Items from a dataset
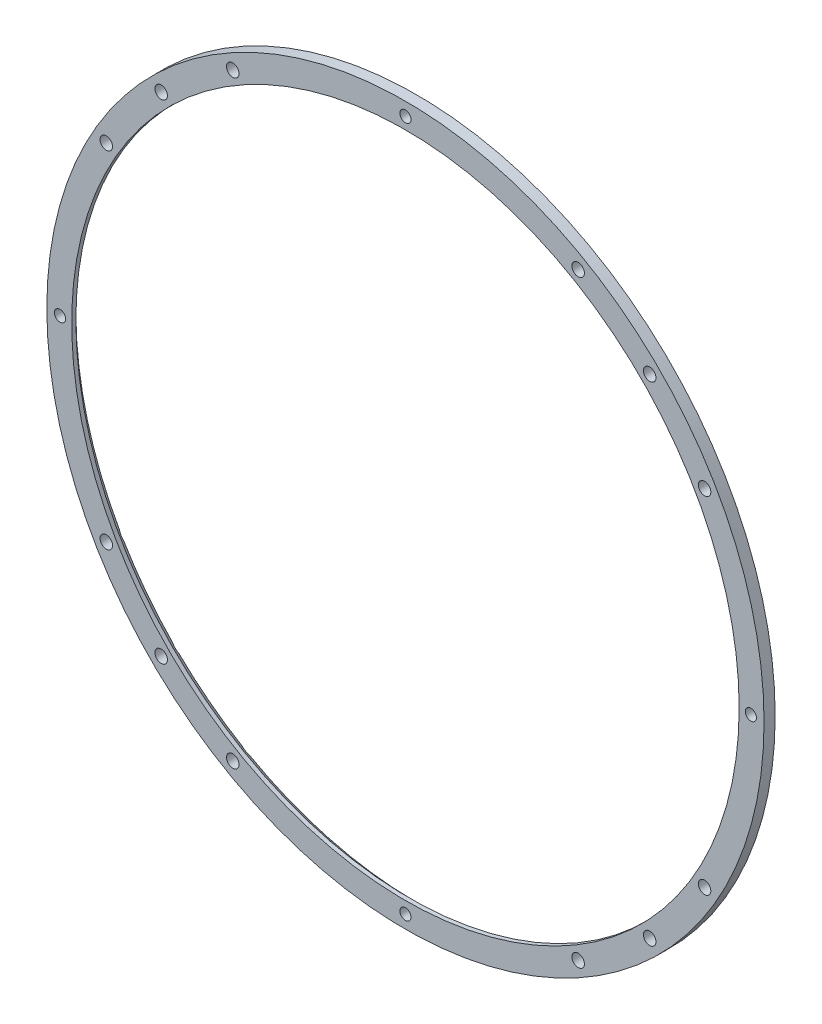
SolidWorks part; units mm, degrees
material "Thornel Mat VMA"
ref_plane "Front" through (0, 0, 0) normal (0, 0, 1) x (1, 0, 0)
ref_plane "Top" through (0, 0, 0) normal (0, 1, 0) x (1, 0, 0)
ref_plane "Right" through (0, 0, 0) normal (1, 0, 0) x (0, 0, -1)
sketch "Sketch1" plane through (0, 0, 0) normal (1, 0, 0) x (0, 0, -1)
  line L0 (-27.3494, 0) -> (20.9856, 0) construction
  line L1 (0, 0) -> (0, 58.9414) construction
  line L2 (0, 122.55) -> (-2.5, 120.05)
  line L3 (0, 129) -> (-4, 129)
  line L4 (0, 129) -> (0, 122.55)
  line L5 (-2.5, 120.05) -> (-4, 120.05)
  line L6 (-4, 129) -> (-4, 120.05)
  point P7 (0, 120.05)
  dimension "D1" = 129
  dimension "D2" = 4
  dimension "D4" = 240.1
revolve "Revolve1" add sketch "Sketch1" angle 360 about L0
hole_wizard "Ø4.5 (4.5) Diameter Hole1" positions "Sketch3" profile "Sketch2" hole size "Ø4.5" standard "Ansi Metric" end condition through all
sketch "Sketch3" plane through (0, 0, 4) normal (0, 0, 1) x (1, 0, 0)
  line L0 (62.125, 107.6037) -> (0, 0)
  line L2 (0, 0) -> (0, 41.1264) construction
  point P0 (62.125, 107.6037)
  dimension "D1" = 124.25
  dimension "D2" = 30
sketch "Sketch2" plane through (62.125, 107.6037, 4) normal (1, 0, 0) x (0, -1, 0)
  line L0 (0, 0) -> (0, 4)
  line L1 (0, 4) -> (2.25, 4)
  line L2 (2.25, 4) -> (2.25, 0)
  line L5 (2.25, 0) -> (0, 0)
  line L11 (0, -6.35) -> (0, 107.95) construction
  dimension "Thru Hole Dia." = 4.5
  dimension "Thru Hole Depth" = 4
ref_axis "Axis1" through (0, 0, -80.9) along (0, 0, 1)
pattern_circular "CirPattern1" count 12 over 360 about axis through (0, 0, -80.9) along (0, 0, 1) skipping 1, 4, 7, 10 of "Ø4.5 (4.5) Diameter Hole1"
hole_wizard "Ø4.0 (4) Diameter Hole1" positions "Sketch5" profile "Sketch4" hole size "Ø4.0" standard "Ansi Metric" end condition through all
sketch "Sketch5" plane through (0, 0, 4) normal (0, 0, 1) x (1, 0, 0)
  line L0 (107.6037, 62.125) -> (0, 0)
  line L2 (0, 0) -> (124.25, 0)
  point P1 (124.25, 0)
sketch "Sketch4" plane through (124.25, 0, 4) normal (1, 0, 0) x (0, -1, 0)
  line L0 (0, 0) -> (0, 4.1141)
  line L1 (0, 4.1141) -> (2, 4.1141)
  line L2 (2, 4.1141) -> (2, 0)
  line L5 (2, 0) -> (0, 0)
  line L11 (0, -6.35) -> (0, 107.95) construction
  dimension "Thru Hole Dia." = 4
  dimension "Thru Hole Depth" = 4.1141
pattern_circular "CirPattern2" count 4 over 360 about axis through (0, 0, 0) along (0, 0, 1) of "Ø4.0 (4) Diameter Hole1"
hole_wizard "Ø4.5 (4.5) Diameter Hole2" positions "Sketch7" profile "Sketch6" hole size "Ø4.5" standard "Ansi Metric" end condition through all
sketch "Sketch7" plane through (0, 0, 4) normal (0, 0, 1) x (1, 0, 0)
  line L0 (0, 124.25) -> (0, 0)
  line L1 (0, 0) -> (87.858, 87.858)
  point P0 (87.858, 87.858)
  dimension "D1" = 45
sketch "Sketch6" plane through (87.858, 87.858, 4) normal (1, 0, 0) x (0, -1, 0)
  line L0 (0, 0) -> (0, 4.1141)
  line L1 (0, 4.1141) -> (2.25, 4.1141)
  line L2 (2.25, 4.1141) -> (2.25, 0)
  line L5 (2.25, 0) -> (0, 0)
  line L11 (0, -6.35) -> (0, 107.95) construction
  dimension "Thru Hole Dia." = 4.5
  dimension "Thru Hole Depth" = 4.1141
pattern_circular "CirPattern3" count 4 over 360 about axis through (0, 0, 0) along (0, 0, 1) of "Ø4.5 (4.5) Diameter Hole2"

» **TASK**: Word for word, print out all of the records above; pass over the pictures.

» **RESPONSE BELOW**:
SolidWorks part; units mm, degrees
material "Thornel Mat VMA"
ref_plane "Front" through (0, 0, 0) normal (0, 0, 1) x (1, 0, 0)
ref_plane "Top" through (0, 0, 0) normal (0, 1, 0) x (1, 0, 0)
ref_plane "Right" through (0, 0, 0) normal (1, 0, 0) x (0, 0, -1)
sketch "Sketch1" plane through (0, 0, 0) normal (1, 0, 0) x (0, 0, -1)
  line L0 (-27.3494, 0) -> (20.9856, 0) construction
  line L1 (0, 0) -> (0, 58.9414) construction
  line L2 (0, 122.55) -> (-2.5, 120.05)
  line L3 (0, 129) -> (-4, 129)
  line L4 (0, 129) -> (0, 122.55)
  line L5 (-2.5, 120.05) -> (-4, 120.05)
  line L6 (-4, 129) -> (-4, 120.05)
  point P7 (0, 120.05)
  dimension "D1" = 129
  dimension "D2" = 4
  dimension "D4" = 240.1
revolve "Revolve1" add sketch "Sketch1" angle 360 about L0
hole_wizard "Ø4.5 (4.5) Diameter Hole1" positions "Sketch3" profile "Sketch2" hole size "Ø4.5" standard "Ansi Metric" end condition through all
sketch "Sketch3" plane through (0, 0, 4) normal (0, 0, 1) x (1, 0, 0)
  line L0 (62.125, 107.6037) -> (0, 0)
  line L2 (0, 0) -> (0, 41.1264) construction
  point P0 (62.125, 107.6037)
  dimension "D1" = 124.25
  dimension "D2" = 30
sketch "Sketch2" plane through (62.125, 107.6037, 4) normal (1, 0, 0) x (0, -1, 0)
  line L0 (0, 0) -> (0, 4)
  line L1 (0, 4) -> (2.25, 4)
  line L2 (2.25, 4) -> (2.25, 0)
  line L5 (2.25, 0) -> (0, 0)
  line L11 (0, -6.35) -> (0, 107.95) construction
  dimension "Thru Hole Dia." = 4.5
  dimension "Thru Hole Depth" = 4
ref_axis "Axis1" through (0, 0, -80.9) along (0, 0, 1)
pattern_circular "CirPattern1" count 12 over 360 about axis through (0, 0, -80.9) along (0, 0, 1) skipping 1, 4, 7, 10 of "Ø4.5 (4.5) Diameter Hole1"
hole_wizard "Ø4.0 (4) Diameter Hole1" positions "Sketch5" profile "Sketch4" hole size "Ø4.0" standard "Ansi Metric" end condition through all
sketch "Sketch5" plane through (0, 0, 4) normal (0, 0, 1) x (1, 0, 0)
  line L0 (107.6037, 62.125) -> (0, 0)
  line L2 (0, 0) -> (124.25, 0)
  point P1 (124.25, 0)
sketch "Sketch4" plane through (124.25, 0, 4) normal (1, 0, 0) x (0, -1, 0)
  line L0 (0, 0) -> (0, 4.1141)
  line L1 (0, 4.1141) -> (2, 4.1141)
  line L2 (2, 4.1141) -> (2, 0)
  line L5 (2, 0) -> (0, 0)
  line L11 (0, -6.35) -> (0, 107.95) construction
  dimension "Thru Hole Dia." = 4
  dimension "Thru Hole Depth" = 4.1141
pattern_circular "CirPattern2" count 4 over 360 about axis through (0, 0, 0) along (0, 0, 1) of "Ø4.0 (4) Diameter Hole1"
hole_wizard "Ø4.5 (4.5) Diameter Hole2" positions "Sketch7" profile "Sketch6" hole size "Ø4.5" standard "Ansi Metric" end condition through all
sketch "Sketch7" plane through (0, 0, 4) normal (0, 0, 1) x (1, 0, 0)
  line L0 (0, 124.25) -> (0, 0)
  line L1 (0, 0) -> (87.858, 87.858)
  point P0 (87.858, 87.858)
  dimension "D1" = 45
sketch "Sketch6" plane through (87.858, 87.858, 4) normal (1, 0, 0) x (0, -1, 0)
  line L0 (0, 0) -> (0, 4.1141)
  line L1 (0, 4.1141) -> (2.25, 4.1141)
  line L2 (2.25, 4.1141) -> (2.25, 0)
  line L5 (2.25, 0) -> (0, 0)
  line L11 (0, -6.35) -> (0, 107.95) construction
  dimension "Thru Hole Dia." = 4.5
  dimension "Thru Hole Depth" = 4.1141
pattern_circular "CirPattern3" count 4 over 360 about axis through (0, 0, 0) along (0, 0, 1) of "Ø4.5 (4.5) Diameter Hole2"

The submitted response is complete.